[Assignment]
Return only those lines of the listing in which "Inventor" appears.

──────────

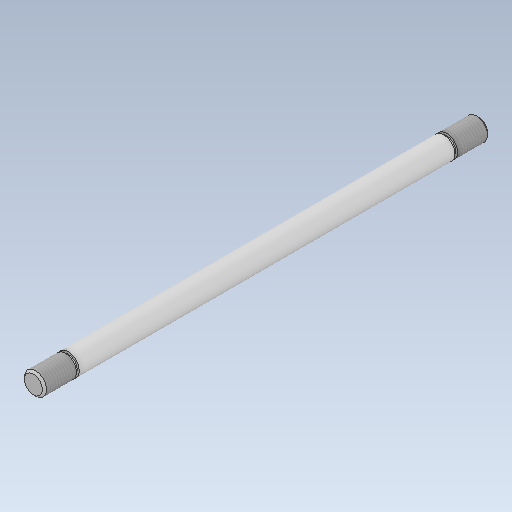
# Autodesk Inventor part: Peça38
Saved by Autodesk Inventor 2021 (Build 250183000, 183)
## iProperties
Category: 41
Created: 2021-07-21
Part Number: Peça38
Material: Genérico
Document SubType Name: Modeling
Designer: Giovanni
Density: 1 g/cm^3
Appearance: Padrão
User Status: 1:2
Author: Giovanni
Keywords: 38
Autodesk Inventor part; units mm, degrees
ref_plane "YZ Plane" through (0, 0, 0) normal (1, 0, 0) x (0, 1, 0)
ref_plane "XZ Plane" through (0, 0, 0) normal (0, 1, 0) x (-1, 0, 0)
ref_plane "XY Plane" through (0, 0, 0) normal (0, 0, 1) x (1, 0, 0)
sketch "Esboço1" plane through (0, 0, 0) normal (0, 0, 1) x (1, 0, 0)
  circle A0 centre (0, 0) radius 8
  dimension "d0" = 16
  constraints: 1 centre point, 1 coincident
  measures "d0" diameter of A0
extrude "Extrusão1" add sketch "Esboço1" along normal mid plane 320
sketch "Esboço2" plane through (0, 0, 0) normal (1, 0, 0) x (0, 1, 0)
  line L0 (8, -160) -> (8, 160) projected
  line L1 (8, -135) -> (6.5, -135)
  line L2 (6.5, -135) -> (6.5, -137)
  line L3 (6.5, -137) -> (8, -137)
  line L4 (8, -137) -> (8, -135)
  line L5 (8, 137) -> (6.5, 137)
  line L6 (6.5, 137) -> (6.5, 135)
  line L7 (6.5, 135) -> (8, 135)
  line L8 (8, 135) -> (8, 137)
  line L9 (8, 160) -> (-8, 160) projected
  line L10 (-8, -160) -> (8, -160) projected
  line L11 (0, 0) -> (0, -160)
  dimension "d3" = 2
  dimension "d4" = 25
  dimension "d5" = 2
  dimension "d6" = 25
  dimension "d7" = 13
  constraints: 18 end point, 4 parallel, 3 point on line, 2 horizontal, 2 perpendicular, 1 midpoint
  measures "d3" distance between parallel lines of L7 L5
  measures "d4" distance between parallel lines of L9 L7
  measures "d5" distance between parallel lines of L3 L1
  measures "d6" distance between parallel lines of L10 L1
  measures "d7" diameter of L2 L11
revolve "Revolução1" cut sketch "Esboço2" angle 360 about axis through (0, 0, 0) along (0, 0, -1)
thread "Rosca1" size "M16x2" class "6g" standard "ANSI Metric M Profile" full length
chamfer "Chanfro1" distance 1.5 angle 45 2 edges at (-8, 0, 160) (-8, 0, -160)

──────────

[Solution to this problem]
# Autodesk Inventor part: Peça38
Saved by Autodesk Inventor 2021 (Build 250183000, 183)
Autodesk Inventor part; units mm, degrees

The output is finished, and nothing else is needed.